Identify each line below containing the string "prompts" and copy it.

Supplied information Start Marker

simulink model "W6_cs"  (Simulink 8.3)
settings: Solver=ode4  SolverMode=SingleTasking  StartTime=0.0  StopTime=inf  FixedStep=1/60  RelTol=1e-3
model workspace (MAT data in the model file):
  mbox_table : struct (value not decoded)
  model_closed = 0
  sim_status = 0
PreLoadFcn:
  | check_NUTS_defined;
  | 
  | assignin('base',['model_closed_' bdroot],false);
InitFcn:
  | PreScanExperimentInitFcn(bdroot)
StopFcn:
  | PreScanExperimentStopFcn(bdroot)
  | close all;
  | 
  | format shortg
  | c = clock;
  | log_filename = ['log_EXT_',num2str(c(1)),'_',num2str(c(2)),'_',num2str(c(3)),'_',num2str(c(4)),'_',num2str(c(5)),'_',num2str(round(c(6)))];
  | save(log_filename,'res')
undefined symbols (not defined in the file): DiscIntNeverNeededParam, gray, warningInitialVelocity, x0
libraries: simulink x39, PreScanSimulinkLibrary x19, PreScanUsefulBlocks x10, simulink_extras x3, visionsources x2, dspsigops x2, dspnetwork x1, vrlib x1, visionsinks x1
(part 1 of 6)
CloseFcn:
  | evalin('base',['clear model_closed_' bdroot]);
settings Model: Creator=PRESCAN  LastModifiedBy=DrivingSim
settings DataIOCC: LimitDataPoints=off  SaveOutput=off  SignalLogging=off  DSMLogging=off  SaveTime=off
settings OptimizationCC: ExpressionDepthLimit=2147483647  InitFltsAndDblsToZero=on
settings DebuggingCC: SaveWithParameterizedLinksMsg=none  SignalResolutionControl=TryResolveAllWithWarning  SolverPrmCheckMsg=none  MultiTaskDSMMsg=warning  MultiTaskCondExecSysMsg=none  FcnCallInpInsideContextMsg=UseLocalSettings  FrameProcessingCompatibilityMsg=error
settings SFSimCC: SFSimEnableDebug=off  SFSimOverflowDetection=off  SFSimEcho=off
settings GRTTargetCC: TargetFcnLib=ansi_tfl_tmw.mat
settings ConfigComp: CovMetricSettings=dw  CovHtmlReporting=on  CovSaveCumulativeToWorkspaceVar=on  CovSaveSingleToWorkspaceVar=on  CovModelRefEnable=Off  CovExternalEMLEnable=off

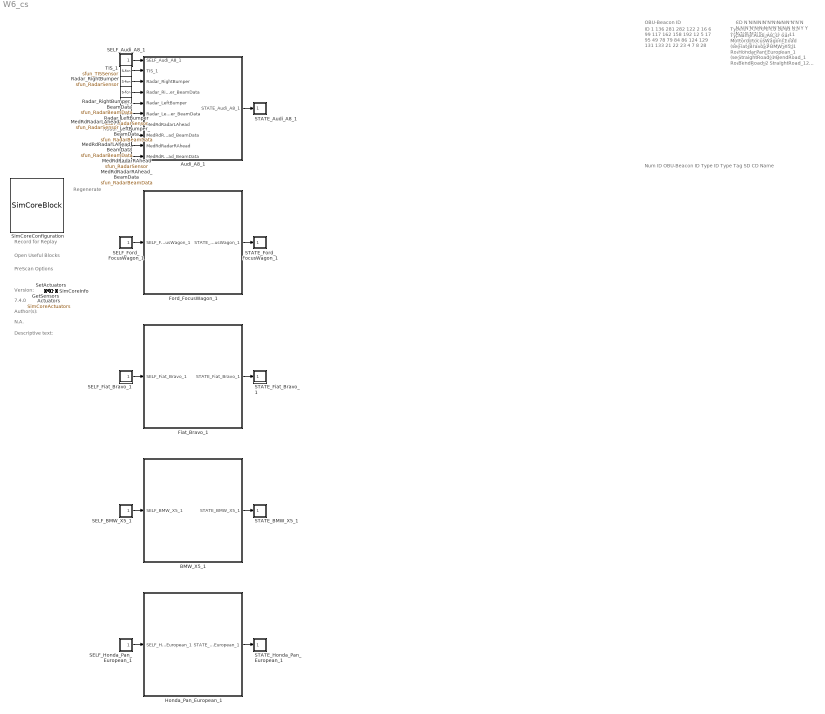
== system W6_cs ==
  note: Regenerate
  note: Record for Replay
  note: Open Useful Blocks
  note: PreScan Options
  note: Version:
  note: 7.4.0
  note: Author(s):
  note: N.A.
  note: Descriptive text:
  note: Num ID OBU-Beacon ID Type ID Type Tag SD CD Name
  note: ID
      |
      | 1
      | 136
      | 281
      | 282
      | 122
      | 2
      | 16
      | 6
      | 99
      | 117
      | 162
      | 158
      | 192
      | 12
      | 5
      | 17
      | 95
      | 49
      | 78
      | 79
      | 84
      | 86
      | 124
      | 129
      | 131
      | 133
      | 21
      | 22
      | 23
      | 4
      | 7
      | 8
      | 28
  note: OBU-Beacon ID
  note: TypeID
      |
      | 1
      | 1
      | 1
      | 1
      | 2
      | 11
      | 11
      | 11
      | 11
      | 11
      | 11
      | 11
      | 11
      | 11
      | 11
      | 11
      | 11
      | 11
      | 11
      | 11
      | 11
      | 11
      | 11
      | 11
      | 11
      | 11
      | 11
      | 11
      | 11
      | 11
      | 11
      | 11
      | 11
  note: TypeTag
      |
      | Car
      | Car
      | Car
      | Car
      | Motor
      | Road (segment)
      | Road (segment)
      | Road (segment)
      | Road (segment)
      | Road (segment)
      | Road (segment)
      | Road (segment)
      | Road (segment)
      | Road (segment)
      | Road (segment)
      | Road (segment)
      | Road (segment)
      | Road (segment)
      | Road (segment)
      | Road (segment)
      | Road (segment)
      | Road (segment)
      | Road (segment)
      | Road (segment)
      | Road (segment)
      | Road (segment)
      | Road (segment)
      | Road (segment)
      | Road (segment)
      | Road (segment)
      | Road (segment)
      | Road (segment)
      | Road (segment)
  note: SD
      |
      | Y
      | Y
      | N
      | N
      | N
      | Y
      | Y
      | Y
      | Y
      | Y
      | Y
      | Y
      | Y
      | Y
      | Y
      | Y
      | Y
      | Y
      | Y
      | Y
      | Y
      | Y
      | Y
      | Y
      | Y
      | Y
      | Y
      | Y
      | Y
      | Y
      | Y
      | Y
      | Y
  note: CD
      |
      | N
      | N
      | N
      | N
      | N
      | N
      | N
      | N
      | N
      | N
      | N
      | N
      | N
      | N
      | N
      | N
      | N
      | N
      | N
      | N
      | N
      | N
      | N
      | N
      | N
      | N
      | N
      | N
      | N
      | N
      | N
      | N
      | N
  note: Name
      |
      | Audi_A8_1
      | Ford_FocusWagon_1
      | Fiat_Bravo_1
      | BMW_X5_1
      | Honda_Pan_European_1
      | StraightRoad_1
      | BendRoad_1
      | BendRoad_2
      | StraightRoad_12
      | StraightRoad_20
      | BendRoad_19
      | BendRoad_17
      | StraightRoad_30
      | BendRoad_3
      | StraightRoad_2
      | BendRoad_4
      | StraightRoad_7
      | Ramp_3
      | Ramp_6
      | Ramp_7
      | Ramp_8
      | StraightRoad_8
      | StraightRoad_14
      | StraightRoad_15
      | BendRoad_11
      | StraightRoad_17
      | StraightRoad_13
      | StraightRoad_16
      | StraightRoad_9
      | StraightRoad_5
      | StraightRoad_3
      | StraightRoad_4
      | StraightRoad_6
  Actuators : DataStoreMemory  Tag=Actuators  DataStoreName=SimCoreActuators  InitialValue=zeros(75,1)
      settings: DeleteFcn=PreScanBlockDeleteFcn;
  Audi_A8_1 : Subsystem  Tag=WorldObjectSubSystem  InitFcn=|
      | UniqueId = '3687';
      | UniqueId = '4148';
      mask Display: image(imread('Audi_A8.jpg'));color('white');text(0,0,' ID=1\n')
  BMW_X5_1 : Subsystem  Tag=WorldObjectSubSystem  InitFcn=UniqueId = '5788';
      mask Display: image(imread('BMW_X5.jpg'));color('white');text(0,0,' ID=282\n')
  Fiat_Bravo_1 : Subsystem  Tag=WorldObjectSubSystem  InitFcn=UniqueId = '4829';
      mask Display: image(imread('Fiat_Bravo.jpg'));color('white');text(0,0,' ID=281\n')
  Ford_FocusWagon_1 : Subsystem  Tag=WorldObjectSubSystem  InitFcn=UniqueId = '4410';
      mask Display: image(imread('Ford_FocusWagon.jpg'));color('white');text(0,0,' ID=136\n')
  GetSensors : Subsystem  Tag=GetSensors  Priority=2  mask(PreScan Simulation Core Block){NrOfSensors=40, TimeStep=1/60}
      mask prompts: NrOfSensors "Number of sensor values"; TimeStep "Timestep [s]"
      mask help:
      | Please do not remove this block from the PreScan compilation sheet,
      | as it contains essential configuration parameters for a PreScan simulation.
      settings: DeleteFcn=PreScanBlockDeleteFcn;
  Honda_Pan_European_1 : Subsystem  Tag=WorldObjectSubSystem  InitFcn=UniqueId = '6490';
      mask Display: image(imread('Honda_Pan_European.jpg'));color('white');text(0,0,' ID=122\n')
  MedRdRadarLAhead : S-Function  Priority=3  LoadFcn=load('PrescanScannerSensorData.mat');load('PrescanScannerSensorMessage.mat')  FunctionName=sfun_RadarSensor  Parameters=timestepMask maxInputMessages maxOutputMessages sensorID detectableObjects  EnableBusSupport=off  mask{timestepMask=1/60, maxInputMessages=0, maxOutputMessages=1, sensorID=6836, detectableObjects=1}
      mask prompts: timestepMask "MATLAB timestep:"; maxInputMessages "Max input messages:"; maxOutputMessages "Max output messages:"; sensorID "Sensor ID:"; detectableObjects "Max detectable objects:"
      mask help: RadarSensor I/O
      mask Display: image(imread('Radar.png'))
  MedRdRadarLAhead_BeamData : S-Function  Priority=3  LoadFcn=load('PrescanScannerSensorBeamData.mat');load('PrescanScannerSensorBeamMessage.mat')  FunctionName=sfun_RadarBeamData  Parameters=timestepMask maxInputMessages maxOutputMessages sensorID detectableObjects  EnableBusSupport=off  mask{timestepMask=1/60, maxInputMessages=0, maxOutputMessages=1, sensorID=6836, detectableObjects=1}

Supplied information End Marker

**Solution for this problem:**
      mask prompts: NrOfSensors "Number of sensor values"; TimeStep "Timestep [s]"
      mask prompts: timestepMask "MATLAB timestep:"; maxInputMessages "Max input messages:"; maxOutputMessages "Max output messages:"; sensorID "Sensor ID:"; detectableObjects "Max detectable objects:"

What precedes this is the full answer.